• What is expected:
The lines to copy are those with "executionOrder" in them. Pull each one from the entries below.

• Excerpted records:
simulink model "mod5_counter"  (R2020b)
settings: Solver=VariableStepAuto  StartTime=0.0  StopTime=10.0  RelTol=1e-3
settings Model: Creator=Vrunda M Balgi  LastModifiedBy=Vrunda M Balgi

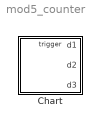
== system mod5_counter ==
  Chart : Stateflow chart  TreatAsAtomicUnit=on

== stateflow chart mod5_counter/Chart ==
  state digit1 [parallel]
    settings: executionOrder=1
    state Zero
      entry:
      d1 = 0;
    state One
      entry:
      d1 = 1;
    (default) -> digit1.Zero
    digit1.Zero -> digit1.One : input_trigger
    digit1.One -> digit1.Zero : input_trigger
  state digit2 [parallel]
    settings: executionOrder=2
    state Zero
      entry:
      d2 = 0;
    state One
      entry:
      d2 = 1;
    (default) -> digit2.Zero
    digit2.Zero -> digit2.One
    digit2.One -> digit2.Zero
  state digit3 [parallel]
    settings: executionOrder=3
    state Zero
      entry:
      d3 = 0;
    state One
      entry:
      d3 = 1;
    (default) -> digit3.Zero
    digit3.Zero -> digit3.One
    digit3.One -> digit3.Zero
  data: d1 output; d2 output; d3 output
  events: local_it2 local FUNCTION_CALL_EVENT; local_it3 local FUNCTION_CALL_EVENT; input_trigger input FUNCTION_CALL_EVENT

• Response for this exercise:
    settings: executionOrder=1
    settings: executionOrder=2
    settings: executionOrder=3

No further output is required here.